Microsoft looks to continue momentum into 22

The post-holiday lull has arrived — that period when everyone returns to work, begrudgingly, and there’s no real good video game releases until at least February. So now is a good time to take a look at what the three main manufacturers have up their sleeves for this new — hopefully more stable — year, and what they should do in order to maintain momentum entering the second full year of this new console generation — Nintendo’s Switch aside. We’ll start with Microsoft and the Xbox Series consoles this week.

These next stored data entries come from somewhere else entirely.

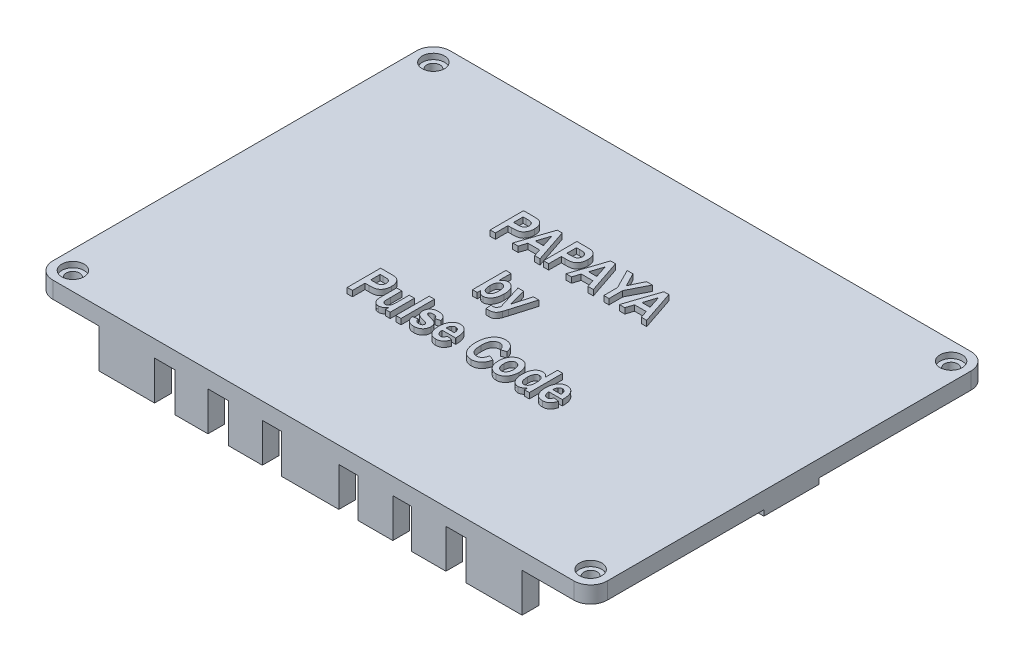
SolidWorks part; units mm, degrees
ref_plane "Front Plane" through (0, 0, 0) normal (0, 0, 1) x (1, 0, 0)
ref_plane "Top Plane" through (0, 0, 0) normal (0, 1, 0) x (1, 0, 0)
ref_plane "Right Plane" through (0, 0, 0) normal (1, 0, 0) x (0, 0, -1)
sketch "Sketch1" plane through (0, 0, 0) normal (0, 1, 0) x (1, 0, 0)
  line L0 (-48.075, 35.695) -> (-51.575, 35.695)
  line L1 (-48.075, 35.695) -> (48.075, 35.695)
  line L3 (-48.075, -35.695) -> (48.075, -35.695)
  line L4 (48.075, 35.695) -> (48.075, -35.695)
  line L5 (-48.075, 35.695) -> (48.075, -35.695) construction
  line L6 (-48.075, -35.695) -> (48.075, 35.695) construction
  line L7 (-51.575, 35.695) -> (-51.575, -35.695)
  line L8 (-51.575, -35.695) -> (-48.075, -35.695)
  point P0 (0, 0)
  dimension "D1" = 96.15
  dimension "D2" = 71.39
  dimension "D3" = 3.5
extrude "Boss-Extrude1" add sketch "Sketch1" along normal blind 3
sketch "Sketch2" plane through (0, 3, 0) normal (0, 1, 0) x (1, 0, 0)
  line L0 (-51.575, -35.695) -> (48.075, -35.695) construction
  line L1 (-40.285, -35.695) -> (-30.295, -35.695)
  line L2 (-40.285, -35.695) -> (-40.285, -32.695)
  line L3 (-40.285, -32.695) -> (-30.295, -32.695)
  line L4 (-30.295, -35.695) -> (-30.295, -32.695)
  line L5 (-51.575, 35.695) -> (-51.575, -35.695) construction
  line L6 (-26.595, -35.695) -> (-20.705, -35.695)
  line L7 (-26.595, -35.695) -> (-26.595, -32.695)
  line L8 (-26.595, -32.695) -> (-20.705, -32.695)
  line L9 (-20.705, -35.695) -> (-20.705, -32.695)
  line L10 (-16.975, -35.695) -> (-10.925, -35.695)
  line L11 (-16.975, -35.695) -> (-16.975, -32.695)
  line L12 (-16.975, -32.695) -> (-10.925, -32.695)
  line L13 (-10.925, -35.695) -> (-10.925, -32.695)
  line L14 (-7.465, -35.695) -> (2.825, -35.695)
  line L15 (-7.465, -35.695) -> (-7.465, -32.695)
  line L16 (-7.465, -32.695) -> (2.825, -32.695)
  line L17 (2.825, -35.695) -> (2.825, -32.695)
  line L18 (6.255, -35.695) -> (12.515, -35.695)
  line L19 (6.255, -35.695) -> (6.255, -32.695)
  line L20 (6.255, -32.695) -> (12.515, -32.695)
  line L21 (12.515, -35.695) -> (12.515, -32.695)
  line L22 (15.865, -35.695) -> (22.065, -35.695)
  line L23 (15.865, -35.695) -> (15.865, -32.695)
  line L24 (15.865, -32.695) -> (22.065, -32.695)
  line L25 (22.065, -35.695) -> (22.065, -32.695)
  line L27 (25.675, -32.695) -> (35.755, -32.695)
  line L28 (25.675, -32.695) -> (25.675, -35.695)
  line L29 (25.675, -35.695) -> (35.755, -35.695)
  line L30 (35.755, -32.695) -> (35.755, -35.695)
  line L31 (48.075, 35.695) -> (-51.575, 35.695) construction
  line L32 (-40.245, 35.695) -> (-34.345, 35.695)
  line L33 (-40.245, 35.695) -> (-40.245, 32.695)
  line L34 (-40.245, 32.695) -> (-34.345, 32.695)
  line L35 (-34.345, 35.695) -> (-34.345, 32.695)
  line L37 (-30.665, 35.695) -> (-22.675, 35.695)
  line L38 (-30.665, 35.695) -> (-30.665, 32.695)
  line L39 (-30.665, 32.695) -> (-22.675, 32.695)
  line L40 (-22.675, 35.695) -> (-22.675, 32.695)
  line L41 (-18.835, 35.695) -> (-10.845, 35.695)
  line L42 (-18.835, 35.695) -> (-18.835, 32.695)
  line L43 (-18.835, 32.695) -> (-10.845, 32.695)
  line L44 (-10.845, 35.695) -> (-10.845, 32.695)
  line L45 (-7.065, 35.695) -> (0.785, 35.695)
  line L46 (-7.065, 35.695) -> (-7.065, 32.695)
  line L47 (-7.065, 32.695) -> (0.785, 32.695)
  line L48 (0.785, 35.695) -> (0.785, 32.695)
  line L49 (4.555, 35.695) -> (12.475, 35.695)
  line L50 (4.555, 35.695) -> (4.555, 32.695)
  line L51 (4.555, 32.695) -> (12.475, 32.695)
  line L52 (12.475, 35.695) -> (12.475, 32.695)
  line L53 (16.385, 35.695) -> (22.465, 35.695)
  line L54 (16.385, 35.695) -> (16.385, 32.695)
  line L55 (16.385, 32.695) -> (22.465, 32.695)
  line L56 (22.465, 35.695) -> (22.465, 32.695)
  point P32 (-16.975, -34.195)
  point P33 (-7.465, -34.195)
  point P60 (-7.065, 34.195)
  point P61 (4.555, 34.195)
  point P62 (16.385, 34.195)
  dimension "D1" = 3
  dimension "D2" = 3
  dimension "D3" = 3
  dimension "D4" = 3
  dimension "D5" = 3
  dimension "D6" = 3
  dimension "D7" = 11.29
  dimension "D8" = 9.99
  dimension "D9" = 3.7
  dimension "D10" = 5.89
  dimension "D11" = 3.73
  dimension "D12" = 6.05
  dimension "D13" = 3.46
  dimension "D14" = 10.29
  dimension "D15" = 3.43
  dimension "D16" = 6.26
  dimension "D17" = 3.35
  dimension "D18" = 6.2
  dimension "D19" = 3.61
  dimension "D20" = 10.08
  dimension "D21" = 3
  dimension "D22" = 3
  dimension "D23" = 11.33
  dimension "D24" = 5.9
  dimension "D25" = 3.68
  dimension "D26" = 7.99
  dimension "D27" = 3.84
  dimension "D28" = 7.99
  dimension "D29" = 3.78
  dimension "D30" = 7.85
  dimension "D31" = 3.77
  dimension "D32" = 7.92
  dimension "D33" = 3.91
  dimension "D34" = 6.08
extrude "Boss-Extrude2" add sketch "Sketch2" against normal blind 10
sketch "Sketch3" plane through (0, 3, 0) normal (0, 1, 0) x (1, 0, 0)
  line L0 (48.075, -35.695) -> (48.075, 35.695) construction
  line L1 (48.075, 5.355) -> (45.075, 5.355)
  line L2 (48.075, 5.355) -> (48.075, -4.555)
  line L3 (48.075, -4.555) -> (45.075, -4.555)
  line L4 (45.075, 5.355) -> (45.075, -4.555)
  line L5 (-51.575, -35.695) -> (48.075, -35.695) construction
  dimension "D1" = 9.91
  dimension "D2" = 3
  dimension "D3" = 31.14
extrude "Boss-Extrude3" add sketch "Sketch3" against normal blind 4
fillet "Fillet1" radius 3 4 edges at (48.075, 1.5, -35.695) (48.075, 1.5, 35.695) (-51.575, 1.5, -35.695) (-51.575, 1.5, 35.695)
sketch "Sketch4" plane through (0, 3, 0) normal (0, 1, 0) x (1, 0, 0)
  text T0 "<b>  PAPAYA </b>\r\n<b>      by</b>\r\n<b>Pulse Code</b>" font "Arial Narrow" height 6
extrude "Boss-Extrude4" add sketch "Sketch4" along normal blind 1
ref_plane "Plane1" through (-1.75, 0, 0) normal (-1, 0, 0) x (0, 0, 1)
ref_plane "Plane2" through (0, 0, 0) normal (0, 0, -1) x (-1, 0, 0)
sketch "Sketch6" plane through (0, 3, 0) normal (0, 1, 0) x (1, 0, 0)
  line L0 (-1.75, 2.2) -> (-1.75, -2.2) construction
  line L1 (5.5, 0) -> (-5.5, 0) construction
  line L2 (-51.575, 32.695) -> (-51.575, -32.695) construction
  line L3 (-48.575, -35.695) -> (45.075, -35.695) construction
  circle A0 centre (-48.275, -32.395) radius 1.2
  circle A1 centre (44.775, -32.395) radius 1.2
  circle A2 centre (44.775, 32.395) radius 1.2
  circle A3 centre (-48.275, 32.395) radius 1.2
  dimension "D1" = 3.3
  dimension "D2" = 3.3
extrude "Cut-Extrude1" cut sketch "Sketch6" against normal up to next
sketch "Sketch7" plane through (0, 3, 0) normal (0, 1, 0) x (1, 0, 0)
  line L0 (-1.75, 2.2) -> (-1.75, -2.2) construction
  line L1 (5.5, 0) -> (-5.5, 0) construction
  circle A0 centre (-48.275, -32.395) radius 2
  circle A1 centre (44.775, -32.395) radius 2
  circle A2 centre (44.775, 32.395) radius 2
  circle A3 centre (-48.275, 32.395) radius 2
extrude "Cut-Extrude2" cut sketch "Sketch7" against normal blind 1

Despite what the sales figures currently show, Microsoft has enjoyed a great start to the new console generation. Much like the PlayStation 5, almost every Xbox Series S/X that’s manufactured is sold. One can occasionally find an Xbox Series S on a store shelf, or with an online listing, but they rarely last long. Somehow, Sony has managed to outpace Microsoft in hardware production, leading to increased sales. But neither manufacturer has reached its full potential amid a massive chip shortage that shows no signs of ending any time soon.

This past year was a major turnaround, thanks in no small part to the excellent first party software lineup. Microsoft fielded two legitimate game of the year candidates with “Microsoft Flight Simulator,” which did release a year prior on the PC but made its debut on the Xbox Series consoles this year, and “Forza Horizon 5,” one of the best racing games in recent memory. “Psychonauts 2” finally released after what seemed like a lifetime in development, and was met with major critical success. “Age of Empires IV” resuscitated the franchise and showed classic real-time strategy still has a place in this industry. And then there’s “Halo Infinite,” which surprised many with how good it actually was, despite six years of development and its absolute horrid debut the previous year. Microsoft hasn’t had a first-party software lineup like that in the history of the Xbox.

It’s good to see Microsoft push the focus back to its first party after relying on third party titles for so many years. It’s a strategy that looks to continue in 2022, now that the Bethesda acquisition has been finalized and studios like id Software, MachineGames and Bethesda Game Studios are now wholly owned by Microsoft. That purchase will immediately bear fruit this year with two titles, “Redfall” from Arkane Studios and “Starfield” from BGS — the latter of which is topping many “most anticipated” lists as the first single player RPG from BGS since “Fallout 4” in 2015, and the first new IP since 2004.

“Starfield” is set to be the premier title this year from Microsoft, firmly positioned to release in November, pandemic complications notwithstanding. Not much is known about the game, but expect a major media blowout at the Electronic Entertainment Expo in June, or whatever media event that potentially replaces it. It will be good to see what BGS has been working on, and whether it’s simply “Skyrim” in space — not that it would be a bad thing — or something more ambitious.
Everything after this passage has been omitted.